I am attempting to access Explorer7's thread in the Wyndham forum: "We’re sorry, access to this website is denied."

I get an error response as follows:

TUG BBS Alert                                                           
Unable to add cookies, header already sent.
File: /home/tugbbsc/public_html/forums/includes/class_core.php
Line: 3283

This happens on my PC using either Firefox 38.0.5 or IE11 and I have already cleared cookies/cache. I can see the thread just fine using Tapatalk for the iPad...

It is only this thread... strange.


----------



## presley (Jun 6, 2015)

I have the same thing. It's only that thread and since I only see the OP as the last poster, I think most of us our locked out of it for some reason.

I use Chrome.


----------



## ace2000 (Jun 6, 2015)

It happened to me on another thread, so I'm sure it's not related to anything specific about that one.


----------



## slip (Jun 6, 2015)

I noticed it on two threads from mt IPad.


----------



## DeniseM (Jun 6, 2015)

Thank you!  Admin is working on it.


----------



## TUGBrian (Jun 6, 2015)

appears we had this same issue back in 2012 (and a whole different version of vbulletin) ago...trying to dig up the fix now.


----------



## TUGBrian (Jun 7, 2015)

this should be fixed (well the original issue anyway)...please let us know if you still get this particular error when clicking on a thread!


----------



## Passepartout (Jun 7, 2015)

Working here, fwiw.


----------



## MuranoJo (Jun 8, 2015)

Just now had the same issue in Bargain Deals with the Sunrise Bay post.

Also ran across a 2nd one in Buying, Selling, Renting--the Jeff Brown thread.


----------



## artringwald (Jun 8, 2015)

I just got this message.



> Unable to add cookies, header already sent.
> File: /home/tugbbsc/public_html/forums/includes/class_core.php
> Line: 3283


----------



## uscav8r (Jun 8, 2015)

uscav8r said:


> I am attempting to access Explorer7's thread in the Wyndham forum: "We’re sorry, access to this website is denied."
> 
> I get an error response as follows:
> 
> ...


So I started this thread. Once the Admins got involved I was soon able to get into the thread identified above. For some reason, I get the following line splashed across the top of my browser when viewing the "fixed" thread:

*Warning*: htmlspecialchars() [function.htmlspecialchars]: Invalid multibyte sequence in argument in *[path]/mobiquo/smartbanner/head.inc.php* on line *184

*I don't know what that means, but I am hoping that this new info helps the Admins track down this bug that is bouncing around the BBS.


----------



## TUGBrian (Jun 8, 2015)

that error is something separate and related to the tapatalk install.


----------



## uscav8r (Jun 8, 2015)

TUGBrian said:


> that error is something separate and related to the tapatalk install.

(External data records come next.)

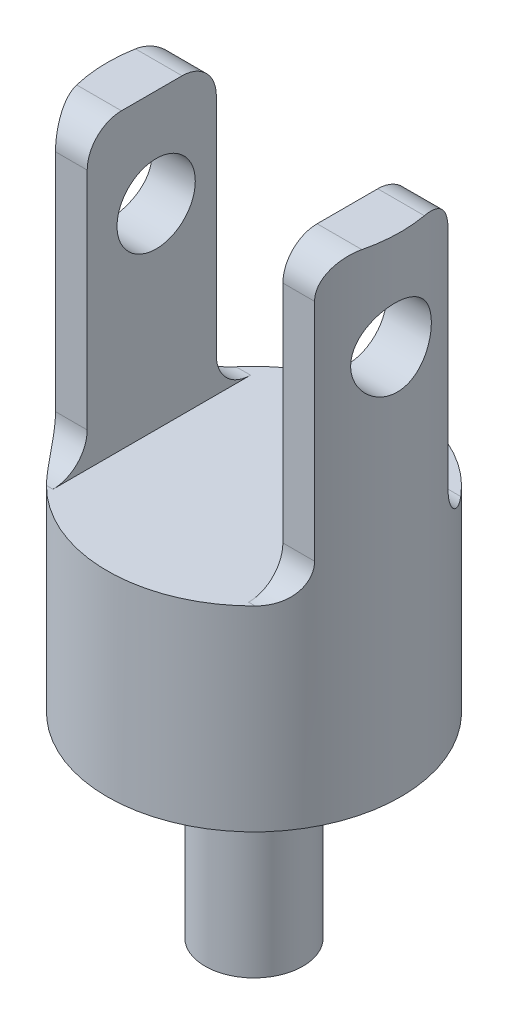
SolidWorks part; units mm, degrees
ref_plane "Front Plane" through (0, 0, 0) normal (0, 0, 1) x (1, 0, 0)
ref_plane "Top Plane" through (0, 0, 0) normal (0, 1, 0) x (1, 0, 0)
ref_plane "Right Plane" through (0, 0, 0) normal (1, 0, 0) x (0, 0, -1)
sketch "Sketch1" plane through (0, 0, 0) normal (0, 1, 0) x (1, 0, 0)
  circle A0 centre (0, 0) radius 15
extrude "Boss-Extrude1" add sketch "Sketch1" along normal blind 50
sketch "Sketch2" plane through (0, 0, 0) normal (0, -1, 0) x (1, 0, 0)
  circle A0 centre (0, 0) radius 5
extrude "Boss-Extrude2" add sketch "Sketch2" along normal blind 20
sketch "Sketch3" plane through (0, 50, 0) normal (0, 1, 0) x (1, 0, 0)
  line L1 (-10, 24.0793) -> (10, 24.0793)
  line L2 (-10, 24.0793) -> (-10, -24.0793)
  line L3 (-10, -24.0793) -> (10, -24.0793)
  line L4 (10, 24.0793) -> (10, -24.0793)
  line L5 (-10, 24.0793) -> (10, -24.0793) construction
  line L6 (-10, -24.0793) -> (10, 24.0793) construction
  point P0 (0, 0)
  dimension "D1" = 20
extrude "Cut-Extrude1" cut sketch "Sketch3" against normal blind 30
sketch "Sketch4" plane through (0, 50, 0) normal (0, 1, 0) x (1, 0, 0)
  line L0 (0, 0) -> (24.3129, -0.833) construction
  line L1 (-13.9687, 19.0961) -> (15.2139, 19.0961)
  line L2 (-13.9687, 19.0961) -> (-13.9687, 7.0481)
  line L3 (-13.9687, 7.0481) -> (15.2139, 7.0481)
  line L4 (15.2139, 19.0961) -> (15.2139, 7.0481)
  line L5 (-13.9687, 19.0961) -> (15.2139, 7.0481) construction
  line L6 (-13.9687, 7.0481) -> (15.2139, 19.0961) construction
  line L7 (24.3129, -0.833) -> (-18.637, 0.6385) construction
  point P0 (0.6226, 13.0721)
  point P8 (15.2139, 19.0961)
  point P13 (0, 0)
  point P14 (0, 0)
  point P15 (0, 0)
  line M7 (10, 11.1803) -> (10, -11.1803)
  arc M8 (10, -11.1803) -> (10, 11.1803) centre (0, 0) ccw
extrude "Cut-Extrude4" cut sketch "Sketch4" against normal blind 30 contours L4 L1 L2 L3 M7 M8 | L3 M7 M8
sketch "Sketch7" plane through (0, 50, 0) normal (0, 1, 0) x (1, 0, 0)
  line L1 (37.9211, 6.15) -> (-27.657, 6.15)
  line L2 (37.9211, 6.15) -> (37.9211, 29.1236)
  line L3 (37.9211, 29.1236) -> (-27.657, 29.1236)
  line L4 (-27.657, 6.15) -> (-27.657, 29.1236)
  line L5 (37.9211, 6.15) -> (-27.657, 29.1236) construction
  line L6 (37.9211, 29.1236) -> (-27.657, 6.15) construction
  point P0 (5.132, 17.6368)
extrude "Cut-Extrude5" cut sketch "Sketch7" against normal blind 30
mirror "Mirror1" about plane through (0, 0, 0) normal (0, 0, 1) of "Cut-Extrude4"
fillet "Fillet6" radius 3.5 8 edges at (-11.8406, 50, -6.15) (-11.8406, 20, -6.15) (11.8406, 20, -6.15) (11.8406, 50, -6.15) (11.6205, 50, 7.0481) (11.6205, 20, 7.0481) (-11.6205, 20, 7.0481) (-11.6205, 50, 7.0481)
sketch "Sketch9" plane through (-10, 0, 0) normal (1, 0, 0) x (0, 0, -1)
  line L0 (0, 50) -> (0, 40) construction
  line L1 (2.65, 50) -> (-3.5481, 50) construction
  circle A0 centre (0, 40) radius 4
  dimension "D1" = 10
extrude "Cut-Extrude6" cut sketch "Sketch9" against normal through all
sketch "Sketch11" plane through (10, 0, 0) normal (-1, 0, 0) x (0, 0, 1)
  line L0 (0.4491, 50) -> (0.4491, 40) construction
  line L1 (3.5481, 50) -> (-2.65, 50) construction
  circle A0 centre (0.4491, 40) radius 4
  dimension "D1" = 10
extrude "Cut-Extrude7" cut sketch "Sketch11" against normal through all contours A0
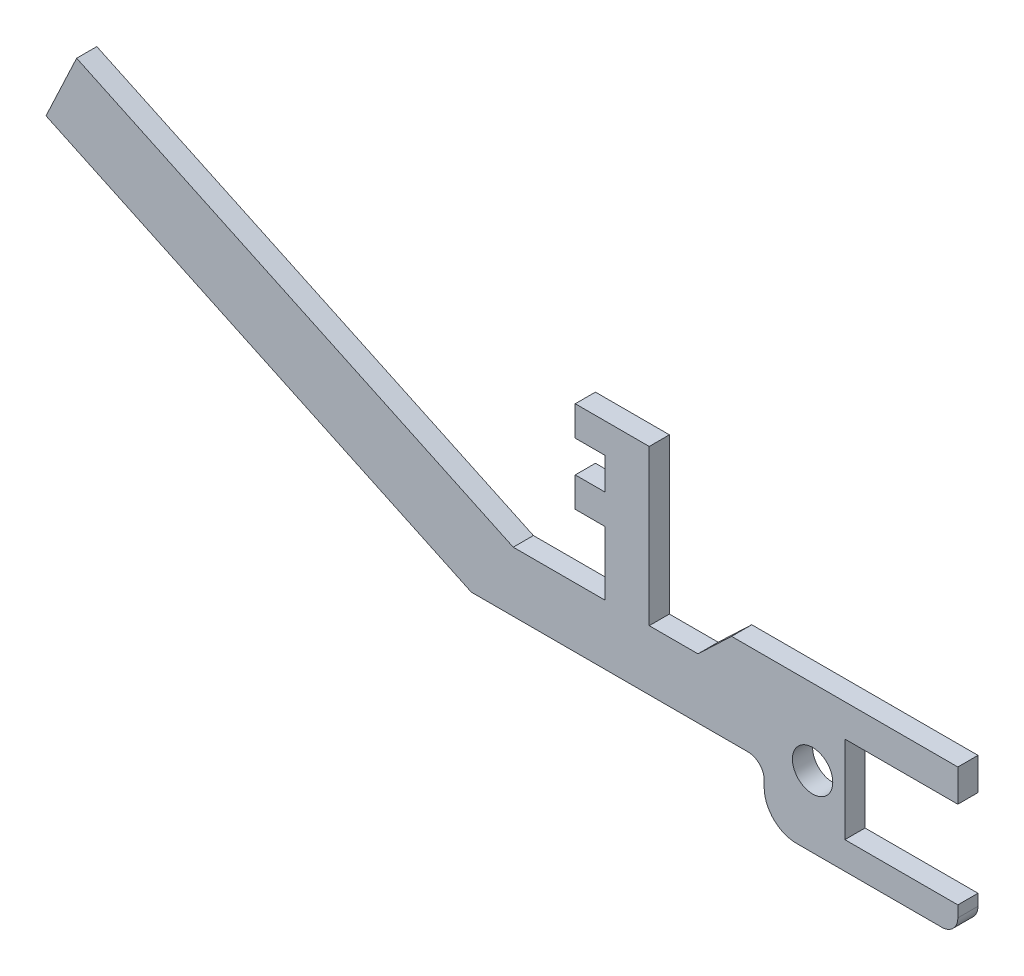
SolidWorks part; units mm, degrees
ref_plane "Front Plane" through (0, 0, 0) normal (0, 0, 1) x (1, 0, 0)
ref_plane "Top Plane" through (0, 0, 0) normal (0, 1, 0) x (1, 0, 0)
ref_plane "Right Plane" through (0, 0, 0) normal (1, 0, 0) x (0, 0, -1)
sketch "Sketch1" plane through (0, 0, 0) normal (0, 0, 1) x (1, 0, 0)
  line L0 (-16.3258, 3.4552) -> (-23.5589, 3.4552)
  line L1 (-16.3258, 10.8222) -> (-18.6789, 10.8222)
  line L2 (-18.6789, 15.6724) -> (-12.8574, 15.6724)
  line L3 (-12.8574, 15.6724) -> (-12.8574, 3.4552)
  line L4 (-12.8574, 3.4552) -> (-9.0205, 3.4552)
  line L5 (-9.0205, 3.4552) -> (-6.3743, 5.969)
  line L6 (-6.3743, 5.969) -> (11.43, 5.969)
  line L7 (11.43, 5.969) -> (11.43, 3.429)
  line L8 (11.43, 3.429) -> (2.54, 3.429)
  line L9 (2.54, 3.429) -> (2.54, -3.429)
  line L10 (2.54, -3.429) -> (11.43, -3.429)
  line L11 (11.43, -3.429) -> (11.43, -4.318)
  line L12 (10.16, -5.588) -> (-1.27, -5.588)
  line L13 (-3.81, -3.048) -> (-3.81, -2.5296)
  line L14 (-5.08, -1.2596) -> (-26.8556, -1.2596)
  line L15 (-26.8556, -1.2596) -> (-60.3304, 14.4695)
  line L16 (-60.3304, 14.4695) -> (-57.9195, 19.6005)
  line L17 (0, 0) -> (2.54, 0) construction
  line L18 (-23.5589, 3.4552) -> (-57.9195, 19.6005)
  line L19 (-16.3258, 10.8222) -> (-16.3258, 13.3247)
  line L20 (-16.3258, 13.3247) -> (-18.6789, 13.3247)
  line L21 (-18.6789, 13.3247) -> (-18.6789, 15.6724)
  line L22 (-18.6789, 10.8222) -> (-18.6789, 8.4745)
  line L23 (-18.6789, 8.4745) -> (-16.3258, 8.4745)
  line L24 (-16.3258, 8.4745) -> (-16.3258, 3.4552)
  circle A0 centre (0, 0) radius 1.5875
  arc A1 (-1.27, -5.588) -> (-3.81, -3.048) centre (-1.27, -3.048) cw
  arc A2 (-5.08, -1.2596) -> (-3.81, -2.5296) centre (-5.08, -2.5296) cw
  arc A3 (11.43, -4.318) -> (10.16, -5.588) centre (10.16, -4.318) cw
  dimension "D1" = 3.175
  dimension "D7" = 2.54
  dimension "D8" = 1.27
  dimension "D2" = 6.858
  dimension "D3" = 11.43
  dimension "D4" = 3.81
  dimension "D5" = 5.588
  dimension "D6" = 8.89
  dimension "D9" = 2.54
extrude "Boss-Extrude1" add sketch "Sketch1" along normal blind 1.5875
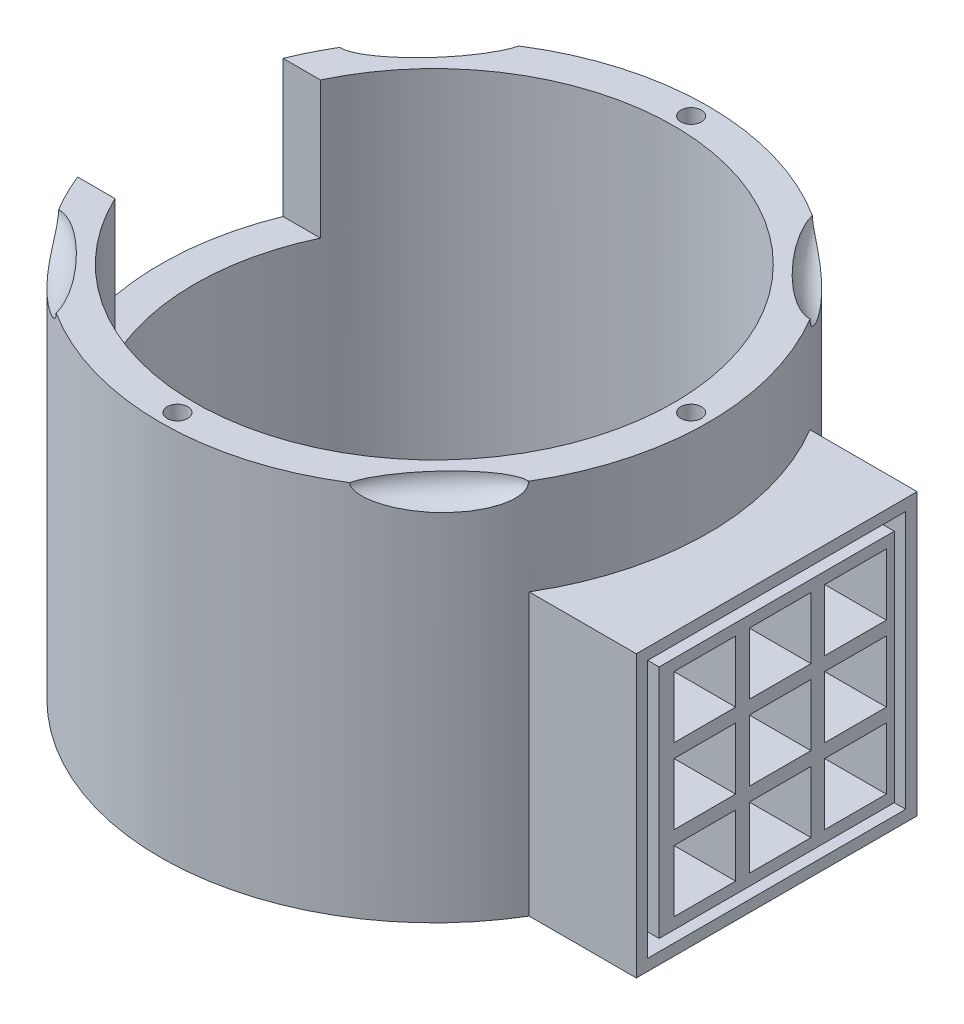
SolidWorks part; units mm, degrees
ref_plane "Front Plane" through (0, 0, 0) normal (0, 0, 1) x (1, 0, 0)
ref_plane "Top Plane" through (0, 0, 0) normal (0, 1, 0) x (1, 0, 0)
ref_plane "Right Plane" through (0, 0, 0) normal (1, 0, 0) x (0, 0, -1)
sketch "Sketch2" plane through (0, 0, 0) normal (0, 1, 0) x (1, 0, 0)
  circle A0 centre (0, 0) radius 50.8
extrude "Boss-Extrude1" add sketch "Sketch2" against normal blind 76.2
sketch "Sketch5" plane through (0, 0, 0) normal (0, 1, 0) x (1, 0, 0)
  circle A0 centre (0, 0) radius 44.45
extrude "Cut-Extrude4" cut sketch "Sketch5" against normal blind 63.5 from offset 6.35 contours A0 offset against normal yes
sketch "Sketch14" plane through (0, 0, 0) normal (0, 1, 0) x (1, 0, 0)
  circle A0 centre (0, 0) radius 7.62
extrude "Cut-Extrude6" cut sketch "Sketch14" against normal up to next
sketch "Sketch15" plane through (0, 0, 0) normal (1, 0, 0) x (0, 0, -1)
  line L1 (-19.05, -69.85) -> (20.32, -69.85)
  line L2 (-19.05, -69.85) -> (-19.05, -30.48)
  line L3 (-19.05, -30.48) -> (20.32, -30.48)
  line L4 (20.32, -69.85) -> (20.32, -30.48)
  line L5 (-50.8, 0) -> (-50.8, -76.2) construction
  line L6 (-50.8, -76.2) -> (50.8, -76.2) construction
  line L7 (-19.05, -30.48) -> (-7.62, -30.48)
  line L8 (-19.05, -30.48) -> (-19.05, -41.91)
  line L9 (-19.05, -41.91) -> (-7.62, -41.91)
  line L10 (-7.62, -30.48) -> (-7.62, -41.91)
  line L11 (-19.05, -44.45) -> (-7.62, -44.45)
  line L12 (-19.05, -44.45) -> (-19.05, -55.88)
  line L13 (-19.05, -55.88) -> (-7.62, -55.88)
  line L14 (-7.62, -44.45) -> (-7.62, -55.88)
  line L15 (-5.08, -30.48) -> (6.35, -30.48)
  line L16 (-5.08, -30.48) -> (-5.08, -41.91)
  line L17 (-5.08, -41.91) -> (6.35, -41.91)
  line L18 (6.35, -30.48) -> (6.35, -41.91)
  line L19 (-19.05, -41.91) -> (20.32, -41.91)
  line L20 (-19.05, -41.91) -> (-19.05, -44.45)
  line L21 (-19.05, -44.45) -> (20.32, -44.45)
  line L22 (20.32, -41.91) -> (20.32, -44.45)
  line L23 (-7.62, -30.48) -> (-5.08, -30.48)
  line L24 (-7.62, -30.48) -> (-7.62, -69.85)
  line L25 (-7.62, -69.85) -> (-5.08, -69.85)
  line L26 (-5.08, -30.48) -> (-5.08, -69.85)
  line L27 (6.35, -30.48) -> (8.89, -30.48)
  line L28 (6.35, -30.48) -> (6.35, -69.85)
  line L29 (6.35, -69.85) -> (8.89, -69.85)
  line L30 (8.89, -30.48) -> (8.89, -69.85)
  line L31 (-19.05, -55.88) -> (20.32, -55.88)
  line L32 (-19.05, -55.88) -> (-19.05, -58.42)
  line L33 (-19.05, -58.42) -> (20.32, -58.42)
  line L34 (20.32, -55.88) -> (20.32, -58.42)
  point P15 (-7.62, -50.165)
  dimension "D1" = 39.37
  dimension "D2" = 39.37
  dimension "D3" = 31.75
  dimension "D4" = 11.43
  dimension "D5" = 2.54
  dimension "D6" = 11.43
  dimension "D7" = 11.43
  dimension "D8" = 11.43
  dimension "D9" = 11.43
  dimension "D10" = 2.54
  dimension "D11" = 11.43
  dimension "D12" = 2.54
  dimension "D13" = 2.54
  dimension "D14" = 2.54
  dimension "D15" = 17.78
sketch "Sketch17" plane through (0, 0, 0) normal (1, 0, 0) x (0, 0, -1)
  line L0 (-50.8, -76.2) -> (50.8, -76.2) construction
  line L1 (-26.035, -76.2) -> (26.035, -76.2)
  line L2 (-26.035, -76.2) -> (-26.035, -24.13)
  line L3 (-26.035, -24.13) -> (26.035, -24.13)
  line L4 (26.035, -76.2) -> (26.035, -24.13)
  dimension "D1" = 52.07
  dimension "D2" = 52.07
  dimension "D3" = 26.035
extrude "Boss-Extrude4" add sketch "Sketch17" against normal up to surface (19.8787 mm away) from offset 63.5
extrude "Cut-Extrude7" cut sketch "Sketch15" along normal through all contours L3 L30 L19 L4 | L30 L31 L4 L21 | L33 L30 L1 L4 | L18 L3 L16 L17 | L26 L31 L28 L21 | L33 L26 L1 L28 | L33 L2 L1 L24 | L14 L11 L2 L13 | L10 L3 L2 L9
sketch "Sketch19" plane through (63.5, 0, 0) normal (1, 0, 0) x (0, 0, -1)
  line L0 (26.035, -24.13) -> (-26.035, -24.13) construction
  line L1 (-23.9183, -26.2467) -> (23.9183, -26.2467)
  line L2 (-23.9183, -26.2467) -> (-23.9183, -74.0833)
  line L3 (-23.9183, -74.0833) -> (23.9183, -74.0833)
  line L4 (23.9183, -26.2467) -> (23.9183, -74.0833)
  line L5 (-26.035, -24.13) -> (-26.035, -76.2) construction
  line L6 (26.035, -76.2) -> (26.035, -24.13) construction
  line L9 (-21.8017, -28.3633) -> (21.8017, -28.3633)
  line L10 (-21.8017, -28.3633) -> (-21.8017, -71.9667)
  line L11 (-21.8017, -71.9667) -> (21.8017, -71.9667)
  line L12 (21.8017, -28.3633) -> (21.8017, -71.9667)
  dimension "D1" = 2.1167
  dimension "D2" = 2.1167
  dimension "D3" = 2.1167
  dimension "D4" = 2.1167
  dimension "D5" = 2.1167
  dimension "D6" = 2.1167
  dimension "D7" = 2.1167
extrude "Cut-Extrude9" cut sketch "Sketch19" against normal blind 12.7
sketch "Sketch21" plane through (0, 0, 0) normal (0, 0, 1) x (1, 0, 0)
  line L0 (50.8, -24.13) -> (50.8, 0) construction
  line L1 (-50.8, 0) -> (50.8, 0)
  line L2 (-50.8, 0) -> (-50.8, -6.35)
  line L3 (-50.8, -6.35) -> (50.8, -6.35)
  line L4 (50.8, 0) -> (50.8, -6.35)
  dimension "D1" = 6.35
extrude "Cut-Extrude10" cut sketch "Sketch21" against normal through all both and the other way through all
sketch "Sketch22" plane through (0, -6.35, 0) normal (0, 1, 0) x (1, 0, 0)
  circle A0 centre (-47.625, 0) radius 1.905
  circle A1 centre (0, 0) radius 50.8 construction
  circle A2 centre (0, 47.625) radius 1.905
  circle A3 centre (47.625, 0) radius 1.905
  circle A4 centre (0, -47.625) radius 1.905
  dimension "D1" = 47.625
  dimension "D2" = 47.625
  dimension "D5" = 47.625
  dimension "D3" = 47.625
extrude "Cut-Extrude11" cut sketch "Sketch22" against normal blind 6.35
sketch "Sketch23" plane through (0, -6.35, 0) normal (0, 1, 0) x (1, 0, 0)
  line L7 (-43.5857, 26.0945) -> (-44.6594, 27.1409)
  line L8 (-27.2065, 42.9004) -> (-28.2801, 43.9468)
  line L9 (-44.6594, 27.1409) -> (-28.2801, 43.9468)
  circle A3 centre (0, 0) radius 50.8 construction
  arc A4 (-50.8, 0) -> (-35.921, 35.921) centre (0, 0) cw
  ellipse E0 centre (-35.921, 35.921) end of major axis (-44.3351, 26.4082) minor radius 3.81 (-43.5857, 26.0945) -> (-27.2065, 42.9004) ccw
revolve "Cut-Revolve2" cut sketch "Sketch23" angle 360 about L9
mirror "Mirror1" about plane through (0, 0, 0) normal (0, 0, 1) of "Cut-Revolve2"
mirror "Mirror2" about plane through (0, 0, 0) normal (1, 0, 0) of "Mirror1", "Cut-Revolve2"
sketch "Sketch24" plane through (0, 0, 0) normal (1, 0, 0) x (0, 0, -1)
  line L0 (26.0945, -6.35) -> (-26.0945, -6.35) construction
  line L1 (19.05, -6.35) -> (-19.05, -6.35)
  line L2 (19.05, -6.35) -> (19.05, -31.75)
  line L3 (19.05, -31.75) -> (-19.05, -31.75)
  line L4 (-19.05, -6.35) -> (-19.05, -31.75)
  dimension "D1" = 25.4
  dimension "D2" = 38.1
  dimension "D3" = 19.05
extrude "Cut-Extrude12" cut sketch "Sketch24" against normal up to next

I get it on my PC running Firefox... or are you saying the Tapatalk BBS code is causing this on my Firefox browser? It's a minor thing either way.

Good luck with the "hunt."


----------



## TUGBrian (Jun 8, 2015)

yes...its something to do with the tapatalk install that was gorked up with by the original issue (which clearly wasnt as fixed as we thought).

it shows up on my regular browser too.


----------



## TUGBrian (Jun 8, 2015)

can you post links of the threads you are getting the:

TUG BBS Alert
Unable to add cookies, header already sent.
File: /home/tugbbsc/public_html/forums/includes/class_core.php
Line: 3283

error on?


----------



## artringwald (Jun 8, 2015)

I get it when I click on this link.



> <a href="showthread.php?t=228013" id="thread_title_228013">The Best $100 you ever spent… [Grand Solmar Spa Services]</a>



I am using Google Chrome on a Windows 8.1 PC.


----------